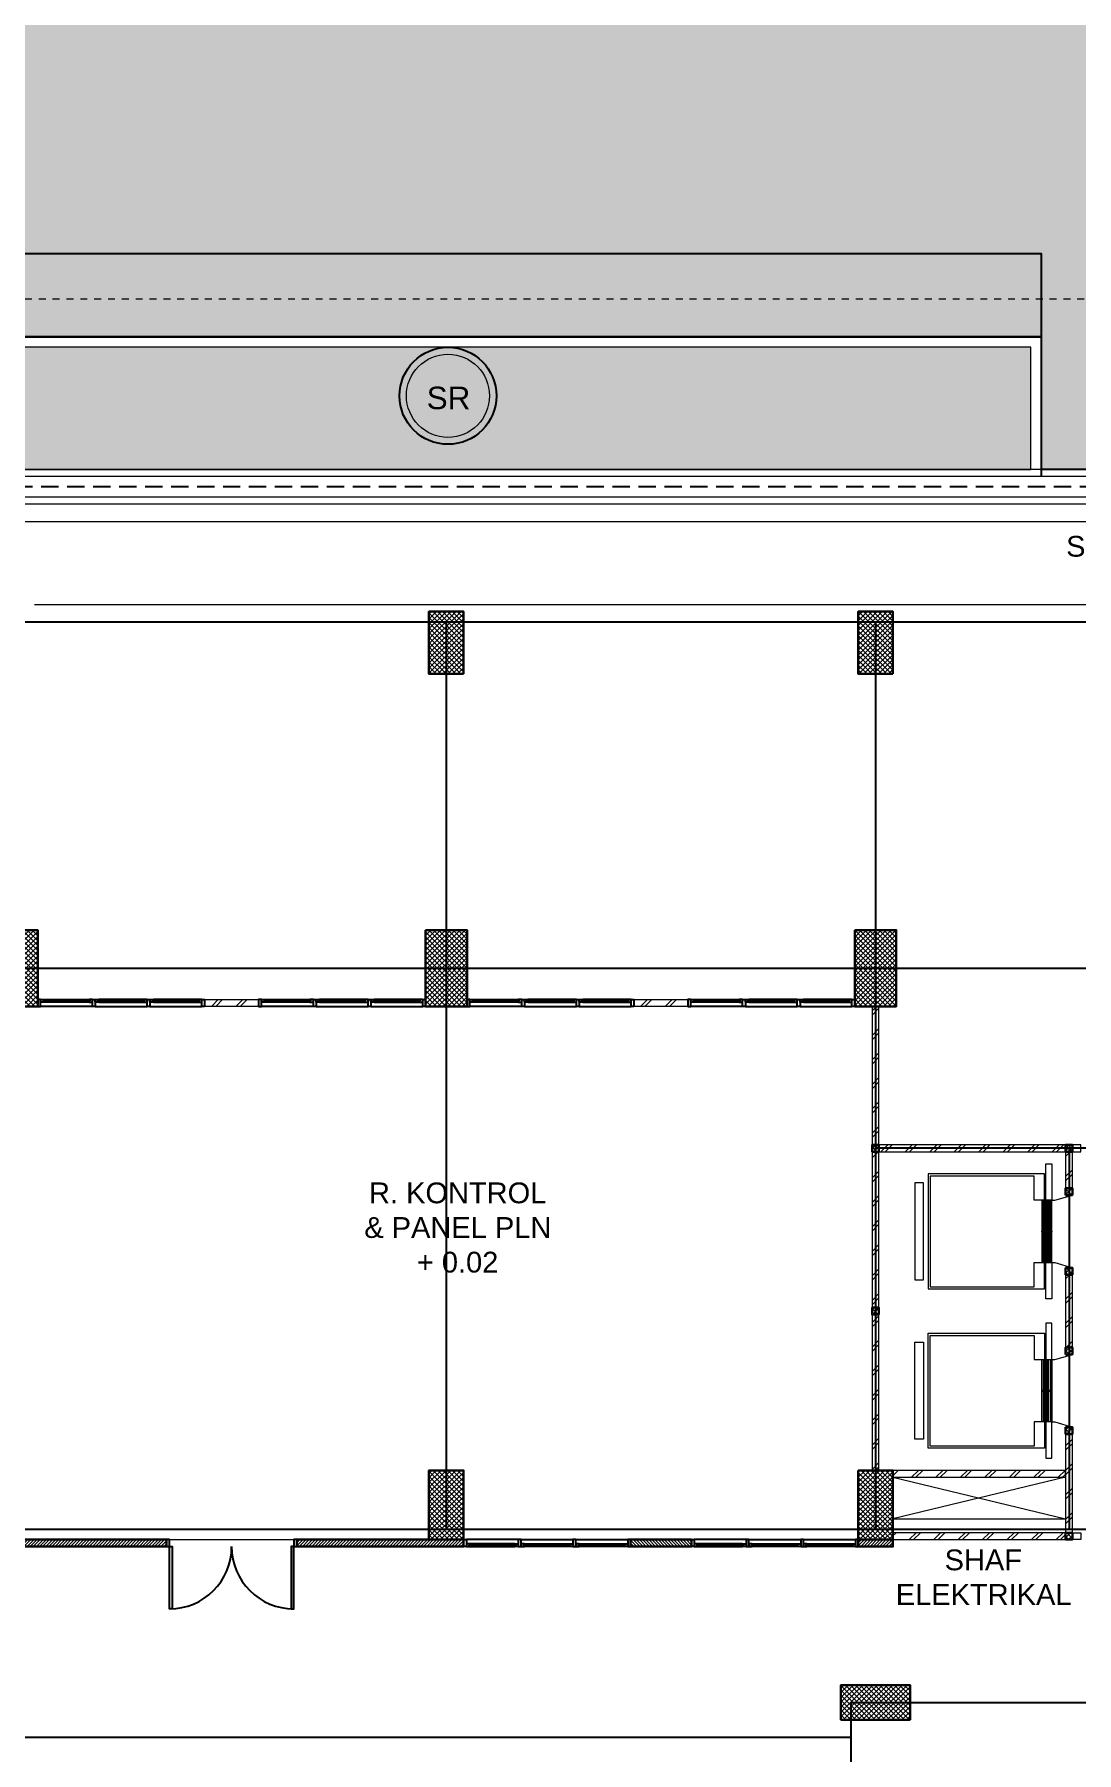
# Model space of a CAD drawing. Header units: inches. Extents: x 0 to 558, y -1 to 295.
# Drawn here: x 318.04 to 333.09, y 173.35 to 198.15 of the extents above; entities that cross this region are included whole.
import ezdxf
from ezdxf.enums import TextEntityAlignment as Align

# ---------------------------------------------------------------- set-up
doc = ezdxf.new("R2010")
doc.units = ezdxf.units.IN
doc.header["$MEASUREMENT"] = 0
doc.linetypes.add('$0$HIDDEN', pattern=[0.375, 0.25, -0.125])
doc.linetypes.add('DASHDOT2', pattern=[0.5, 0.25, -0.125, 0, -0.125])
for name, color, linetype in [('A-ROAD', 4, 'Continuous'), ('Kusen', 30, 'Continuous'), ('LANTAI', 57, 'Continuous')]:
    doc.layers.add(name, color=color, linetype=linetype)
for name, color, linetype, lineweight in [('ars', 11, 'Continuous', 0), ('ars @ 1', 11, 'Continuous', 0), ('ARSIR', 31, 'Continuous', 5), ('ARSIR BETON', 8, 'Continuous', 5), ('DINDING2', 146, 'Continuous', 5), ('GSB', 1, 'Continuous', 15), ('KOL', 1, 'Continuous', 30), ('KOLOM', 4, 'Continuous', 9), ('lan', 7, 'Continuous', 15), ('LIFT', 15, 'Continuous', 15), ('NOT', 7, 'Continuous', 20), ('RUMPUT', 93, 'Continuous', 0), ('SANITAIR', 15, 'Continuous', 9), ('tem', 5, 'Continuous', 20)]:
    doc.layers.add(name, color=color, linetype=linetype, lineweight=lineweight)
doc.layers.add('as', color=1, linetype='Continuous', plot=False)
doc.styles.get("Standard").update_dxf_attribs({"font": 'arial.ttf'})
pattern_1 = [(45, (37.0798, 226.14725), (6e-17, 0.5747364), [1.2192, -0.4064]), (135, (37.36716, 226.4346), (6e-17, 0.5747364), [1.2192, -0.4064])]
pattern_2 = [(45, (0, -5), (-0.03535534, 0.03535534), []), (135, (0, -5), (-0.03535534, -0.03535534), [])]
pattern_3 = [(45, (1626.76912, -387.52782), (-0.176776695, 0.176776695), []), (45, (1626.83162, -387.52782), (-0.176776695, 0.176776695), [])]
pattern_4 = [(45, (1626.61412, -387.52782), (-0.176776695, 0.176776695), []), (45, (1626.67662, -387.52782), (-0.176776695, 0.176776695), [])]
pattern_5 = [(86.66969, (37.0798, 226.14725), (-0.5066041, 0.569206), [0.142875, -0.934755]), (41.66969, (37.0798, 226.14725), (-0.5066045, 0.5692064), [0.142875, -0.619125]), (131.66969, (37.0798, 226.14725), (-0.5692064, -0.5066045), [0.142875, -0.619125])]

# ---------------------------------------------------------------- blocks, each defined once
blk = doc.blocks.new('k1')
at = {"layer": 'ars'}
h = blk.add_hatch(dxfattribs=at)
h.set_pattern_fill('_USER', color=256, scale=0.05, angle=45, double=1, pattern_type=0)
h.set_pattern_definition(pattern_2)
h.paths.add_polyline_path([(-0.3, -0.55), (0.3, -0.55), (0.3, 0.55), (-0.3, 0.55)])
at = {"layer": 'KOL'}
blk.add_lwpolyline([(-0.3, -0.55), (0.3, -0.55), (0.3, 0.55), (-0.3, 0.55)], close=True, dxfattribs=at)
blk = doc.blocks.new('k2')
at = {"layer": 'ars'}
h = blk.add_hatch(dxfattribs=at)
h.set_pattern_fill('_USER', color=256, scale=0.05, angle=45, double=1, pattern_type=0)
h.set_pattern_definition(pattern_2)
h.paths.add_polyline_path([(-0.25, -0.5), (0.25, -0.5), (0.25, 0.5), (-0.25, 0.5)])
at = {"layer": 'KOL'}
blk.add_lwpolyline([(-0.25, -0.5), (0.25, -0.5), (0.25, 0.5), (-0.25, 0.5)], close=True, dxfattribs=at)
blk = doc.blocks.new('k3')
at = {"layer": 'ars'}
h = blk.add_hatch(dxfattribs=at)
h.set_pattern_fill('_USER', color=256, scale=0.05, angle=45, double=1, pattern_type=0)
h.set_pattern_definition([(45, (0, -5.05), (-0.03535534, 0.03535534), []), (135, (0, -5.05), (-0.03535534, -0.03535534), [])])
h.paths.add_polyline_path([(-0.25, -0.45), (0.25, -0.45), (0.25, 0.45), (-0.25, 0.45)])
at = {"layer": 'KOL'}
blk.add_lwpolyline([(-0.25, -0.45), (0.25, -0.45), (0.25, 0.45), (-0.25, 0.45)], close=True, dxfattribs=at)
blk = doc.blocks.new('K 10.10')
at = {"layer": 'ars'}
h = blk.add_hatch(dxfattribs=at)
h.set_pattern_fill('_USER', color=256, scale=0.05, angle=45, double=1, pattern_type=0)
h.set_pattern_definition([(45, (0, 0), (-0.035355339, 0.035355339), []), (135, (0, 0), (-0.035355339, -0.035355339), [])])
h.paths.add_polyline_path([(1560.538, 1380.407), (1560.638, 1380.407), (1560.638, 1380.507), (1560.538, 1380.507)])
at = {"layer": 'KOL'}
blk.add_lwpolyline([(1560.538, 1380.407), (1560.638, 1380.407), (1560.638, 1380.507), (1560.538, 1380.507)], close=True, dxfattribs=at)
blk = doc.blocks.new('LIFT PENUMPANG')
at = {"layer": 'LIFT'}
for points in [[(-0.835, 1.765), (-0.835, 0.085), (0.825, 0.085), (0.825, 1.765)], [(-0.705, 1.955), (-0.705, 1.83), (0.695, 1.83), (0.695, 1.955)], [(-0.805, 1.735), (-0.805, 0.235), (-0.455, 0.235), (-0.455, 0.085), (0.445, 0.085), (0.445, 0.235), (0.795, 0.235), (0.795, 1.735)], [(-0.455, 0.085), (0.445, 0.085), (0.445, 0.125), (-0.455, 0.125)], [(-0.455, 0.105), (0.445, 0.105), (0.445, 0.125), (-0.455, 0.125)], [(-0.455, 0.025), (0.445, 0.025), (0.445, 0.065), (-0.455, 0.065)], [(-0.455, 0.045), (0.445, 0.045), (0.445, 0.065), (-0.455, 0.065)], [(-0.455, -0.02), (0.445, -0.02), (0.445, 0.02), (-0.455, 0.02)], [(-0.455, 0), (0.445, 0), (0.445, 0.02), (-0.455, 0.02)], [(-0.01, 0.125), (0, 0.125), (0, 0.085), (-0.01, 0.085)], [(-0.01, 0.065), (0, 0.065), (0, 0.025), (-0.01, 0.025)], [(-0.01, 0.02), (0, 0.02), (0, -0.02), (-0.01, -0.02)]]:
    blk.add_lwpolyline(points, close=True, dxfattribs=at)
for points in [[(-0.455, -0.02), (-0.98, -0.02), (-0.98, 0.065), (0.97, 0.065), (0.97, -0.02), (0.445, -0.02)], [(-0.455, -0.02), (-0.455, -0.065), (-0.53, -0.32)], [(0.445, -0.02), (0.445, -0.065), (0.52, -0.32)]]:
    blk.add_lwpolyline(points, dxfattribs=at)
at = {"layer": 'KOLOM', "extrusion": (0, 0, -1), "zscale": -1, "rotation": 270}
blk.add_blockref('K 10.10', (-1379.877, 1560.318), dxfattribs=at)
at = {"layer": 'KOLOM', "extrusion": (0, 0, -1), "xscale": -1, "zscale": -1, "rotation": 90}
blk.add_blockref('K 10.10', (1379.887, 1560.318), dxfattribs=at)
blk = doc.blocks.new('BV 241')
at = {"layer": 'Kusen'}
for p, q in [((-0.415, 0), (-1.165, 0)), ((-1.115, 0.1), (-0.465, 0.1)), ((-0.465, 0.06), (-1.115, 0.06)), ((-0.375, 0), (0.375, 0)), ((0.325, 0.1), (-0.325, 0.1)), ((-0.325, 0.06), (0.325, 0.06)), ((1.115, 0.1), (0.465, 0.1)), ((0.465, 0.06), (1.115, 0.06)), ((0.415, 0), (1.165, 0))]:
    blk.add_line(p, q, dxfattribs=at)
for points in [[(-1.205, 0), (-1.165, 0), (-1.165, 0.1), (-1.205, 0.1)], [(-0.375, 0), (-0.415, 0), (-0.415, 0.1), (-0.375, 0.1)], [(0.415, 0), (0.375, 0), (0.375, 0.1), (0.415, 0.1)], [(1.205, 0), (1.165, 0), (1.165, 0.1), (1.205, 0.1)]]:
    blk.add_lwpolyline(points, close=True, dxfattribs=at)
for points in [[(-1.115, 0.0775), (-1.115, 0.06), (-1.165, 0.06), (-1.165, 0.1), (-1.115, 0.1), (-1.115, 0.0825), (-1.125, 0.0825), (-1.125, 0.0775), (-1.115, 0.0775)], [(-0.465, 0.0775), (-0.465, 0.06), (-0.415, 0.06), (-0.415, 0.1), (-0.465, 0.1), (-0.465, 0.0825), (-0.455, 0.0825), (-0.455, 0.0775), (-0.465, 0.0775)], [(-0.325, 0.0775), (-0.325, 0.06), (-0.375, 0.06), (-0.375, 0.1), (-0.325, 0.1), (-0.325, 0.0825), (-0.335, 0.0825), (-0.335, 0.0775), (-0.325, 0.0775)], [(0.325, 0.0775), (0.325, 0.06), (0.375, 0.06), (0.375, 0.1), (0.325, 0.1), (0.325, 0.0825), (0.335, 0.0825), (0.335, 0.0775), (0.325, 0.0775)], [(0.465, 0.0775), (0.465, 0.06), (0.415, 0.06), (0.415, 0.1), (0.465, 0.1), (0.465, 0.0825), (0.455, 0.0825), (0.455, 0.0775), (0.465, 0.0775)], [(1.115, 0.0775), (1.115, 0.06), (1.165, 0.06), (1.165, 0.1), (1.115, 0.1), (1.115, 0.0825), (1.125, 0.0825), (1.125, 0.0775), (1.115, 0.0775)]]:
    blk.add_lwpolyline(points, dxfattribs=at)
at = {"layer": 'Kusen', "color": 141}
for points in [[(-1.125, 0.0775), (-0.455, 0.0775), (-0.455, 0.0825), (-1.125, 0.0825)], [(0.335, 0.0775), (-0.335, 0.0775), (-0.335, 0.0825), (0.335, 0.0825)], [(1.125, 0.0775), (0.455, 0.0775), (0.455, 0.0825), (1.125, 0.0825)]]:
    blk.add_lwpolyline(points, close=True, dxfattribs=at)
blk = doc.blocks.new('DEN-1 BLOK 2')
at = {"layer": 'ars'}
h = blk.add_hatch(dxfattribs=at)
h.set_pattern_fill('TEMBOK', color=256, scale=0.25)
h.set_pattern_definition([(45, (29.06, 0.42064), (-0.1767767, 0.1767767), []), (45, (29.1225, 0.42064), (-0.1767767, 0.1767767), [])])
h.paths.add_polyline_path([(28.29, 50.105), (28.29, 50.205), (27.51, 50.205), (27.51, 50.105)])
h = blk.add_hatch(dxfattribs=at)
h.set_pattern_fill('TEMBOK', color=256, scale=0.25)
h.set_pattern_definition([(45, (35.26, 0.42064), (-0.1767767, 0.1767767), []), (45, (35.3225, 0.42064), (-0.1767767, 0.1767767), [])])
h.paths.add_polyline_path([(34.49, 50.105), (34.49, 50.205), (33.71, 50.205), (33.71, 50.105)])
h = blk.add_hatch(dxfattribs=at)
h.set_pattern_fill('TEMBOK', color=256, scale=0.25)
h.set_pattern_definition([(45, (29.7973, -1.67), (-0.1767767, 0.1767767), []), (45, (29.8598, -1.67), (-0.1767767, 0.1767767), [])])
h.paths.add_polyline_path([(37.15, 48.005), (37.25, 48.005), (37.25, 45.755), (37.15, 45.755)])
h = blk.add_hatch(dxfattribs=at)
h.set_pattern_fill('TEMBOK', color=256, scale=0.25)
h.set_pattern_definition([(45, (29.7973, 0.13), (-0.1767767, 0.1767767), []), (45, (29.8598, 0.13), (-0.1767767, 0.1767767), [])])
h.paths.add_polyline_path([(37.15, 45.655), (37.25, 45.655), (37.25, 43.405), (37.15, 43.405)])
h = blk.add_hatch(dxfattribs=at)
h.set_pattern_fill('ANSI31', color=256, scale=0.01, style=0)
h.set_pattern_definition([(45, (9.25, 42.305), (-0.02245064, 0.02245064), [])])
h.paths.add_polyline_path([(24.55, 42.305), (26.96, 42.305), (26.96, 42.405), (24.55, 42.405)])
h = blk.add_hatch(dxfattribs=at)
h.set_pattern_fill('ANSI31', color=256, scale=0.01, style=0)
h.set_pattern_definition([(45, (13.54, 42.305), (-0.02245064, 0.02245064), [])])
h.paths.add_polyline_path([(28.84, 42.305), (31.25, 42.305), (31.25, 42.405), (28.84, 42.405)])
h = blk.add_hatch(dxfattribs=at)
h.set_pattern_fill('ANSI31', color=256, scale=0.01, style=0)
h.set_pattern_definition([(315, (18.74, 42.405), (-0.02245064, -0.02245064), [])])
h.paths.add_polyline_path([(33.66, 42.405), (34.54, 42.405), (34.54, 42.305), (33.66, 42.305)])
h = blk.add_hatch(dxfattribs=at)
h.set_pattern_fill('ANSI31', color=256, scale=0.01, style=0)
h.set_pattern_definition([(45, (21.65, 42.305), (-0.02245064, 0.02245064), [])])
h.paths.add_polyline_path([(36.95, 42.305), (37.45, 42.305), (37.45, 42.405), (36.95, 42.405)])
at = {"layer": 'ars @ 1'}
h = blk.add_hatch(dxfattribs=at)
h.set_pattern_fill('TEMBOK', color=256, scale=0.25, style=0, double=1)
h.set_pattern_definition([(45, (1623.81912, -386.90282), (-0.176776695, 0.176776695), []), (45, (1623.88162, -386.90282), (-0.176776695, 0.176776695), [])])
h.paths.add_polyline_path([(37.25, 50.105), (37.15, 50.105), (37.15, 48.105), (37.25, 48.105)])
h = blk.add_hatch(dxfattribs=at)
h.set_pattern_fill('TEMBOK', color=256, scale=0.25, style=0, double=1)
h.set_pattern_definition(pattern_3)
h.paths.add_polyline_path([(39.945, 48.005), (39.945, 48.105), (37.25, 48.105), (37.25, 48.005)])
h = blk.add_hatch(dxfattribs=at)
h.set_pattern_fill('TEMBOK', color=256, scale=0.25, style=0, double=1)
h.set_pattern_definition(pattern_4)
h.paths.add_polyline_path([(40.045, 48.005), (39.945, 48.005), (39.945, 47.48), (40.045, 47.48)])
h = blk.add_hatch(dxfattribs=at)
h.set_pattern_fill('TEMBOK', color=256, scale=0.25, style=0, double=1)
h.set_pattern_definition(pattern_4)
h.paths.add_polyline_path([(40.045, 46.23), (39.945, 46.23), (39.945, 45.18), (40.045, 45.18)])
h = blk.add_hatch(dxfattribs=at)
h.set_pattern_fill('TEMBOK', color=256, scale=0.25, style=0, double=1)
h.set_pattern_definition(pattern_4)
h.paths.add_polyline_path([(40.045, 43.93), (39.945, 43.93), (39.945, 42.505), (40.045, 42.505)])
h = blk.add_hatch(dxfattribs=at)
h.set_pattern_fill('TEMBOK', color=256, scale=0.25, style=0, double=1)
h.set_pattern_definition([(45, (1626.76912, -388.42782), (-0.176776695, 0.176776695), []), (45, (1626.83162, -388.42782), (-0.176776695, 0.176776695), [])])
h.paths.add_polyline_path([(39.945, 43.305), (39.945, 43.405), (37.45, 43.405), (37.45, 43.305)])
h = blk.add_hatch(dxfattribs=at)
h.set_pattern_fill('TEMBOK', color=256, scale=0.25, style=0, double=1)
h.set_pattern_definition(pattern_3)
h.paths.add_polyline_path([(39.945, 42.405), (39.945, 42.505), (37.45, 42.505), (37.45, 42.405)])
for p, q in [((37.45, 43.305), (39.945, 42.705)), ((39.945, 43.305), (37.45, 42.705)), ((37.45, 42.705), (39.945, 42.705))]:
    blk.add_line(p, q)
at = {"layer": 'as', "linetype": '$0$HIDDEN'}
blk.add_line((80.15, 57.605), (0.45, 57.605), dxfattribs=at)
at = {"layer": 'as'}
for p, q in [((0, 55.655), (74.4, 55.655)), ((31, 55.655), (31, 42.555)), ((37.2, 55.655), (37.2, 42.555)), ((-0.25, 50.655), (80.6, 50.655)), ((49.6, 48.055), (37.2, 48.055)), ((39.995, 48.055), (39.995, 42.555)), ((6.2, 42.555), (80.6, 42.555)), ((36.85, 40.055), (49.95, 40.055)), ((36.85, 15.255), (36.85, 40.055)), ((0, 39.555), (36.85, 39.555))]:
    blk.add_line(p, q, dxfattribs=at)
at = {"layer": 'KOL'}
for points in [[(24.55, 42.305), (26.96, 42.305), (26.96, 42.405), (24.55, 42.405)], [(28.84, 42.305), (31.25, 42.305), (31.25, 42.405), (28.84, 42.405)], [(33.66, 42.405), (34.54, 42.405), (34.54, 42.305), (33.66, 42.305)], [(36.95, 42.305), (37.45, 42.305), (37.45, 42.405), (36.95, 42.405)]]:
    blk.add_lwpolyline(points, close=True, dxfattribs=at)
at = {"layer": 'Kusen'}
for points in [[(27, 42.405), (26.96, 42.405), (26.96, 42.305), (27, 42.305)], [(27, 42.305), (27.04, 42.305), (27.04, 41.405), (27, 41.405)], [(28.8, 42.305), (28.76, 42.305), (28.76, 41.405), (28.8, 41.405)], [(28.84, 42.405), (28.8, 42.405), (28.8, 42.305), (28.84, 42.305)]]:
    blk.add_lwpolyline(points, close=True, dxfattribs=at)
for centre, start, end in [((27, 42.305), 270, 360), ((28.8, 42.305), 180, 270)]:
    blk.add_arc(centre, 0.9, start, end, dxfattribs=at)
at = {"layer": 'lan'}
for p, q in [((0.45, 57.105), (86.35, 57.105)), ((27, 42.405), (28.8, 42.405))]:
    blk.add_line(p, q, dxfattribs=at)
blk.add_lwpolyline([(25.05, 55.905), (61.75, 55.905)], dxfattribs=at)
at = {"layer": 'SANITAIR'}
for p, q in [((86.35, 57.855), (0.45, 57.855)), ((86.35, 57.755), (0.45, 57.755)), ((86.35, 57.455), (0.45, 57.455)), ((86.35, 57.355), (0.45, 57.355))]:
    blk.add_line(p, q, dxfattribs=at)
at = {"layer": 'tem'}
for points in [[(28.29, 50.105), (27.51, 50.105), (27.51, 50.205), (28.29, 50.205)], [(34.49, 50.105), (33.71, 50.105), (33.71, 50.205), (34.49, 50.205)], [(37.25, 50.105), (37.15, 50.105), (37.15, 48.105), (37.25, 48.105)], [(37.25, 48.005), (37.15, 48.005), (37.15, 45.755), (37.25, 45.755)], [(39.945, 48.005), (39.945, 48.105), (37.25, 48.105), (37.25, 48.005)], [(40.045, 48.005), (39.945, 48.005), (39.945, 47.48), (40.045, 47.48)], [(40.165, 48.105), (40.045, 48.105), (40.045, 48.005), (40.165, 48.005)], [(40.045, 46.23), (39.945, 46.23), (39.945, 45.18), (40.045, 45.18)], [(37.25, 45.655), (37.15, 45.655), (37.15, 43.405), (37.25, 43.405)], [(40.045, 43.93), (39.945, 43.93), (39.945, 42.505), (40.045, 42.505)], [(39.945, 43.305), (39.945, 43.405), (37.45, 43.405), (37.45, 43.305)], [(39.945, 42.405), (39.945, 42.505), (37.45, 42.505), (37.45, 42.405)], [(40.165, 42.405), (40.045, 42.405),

______

What to work on: Using the material above, report each line where "import" occurs.

Answer to this task:
import ezdxf
from ezdxf.enums import TextEntityAlignment as Align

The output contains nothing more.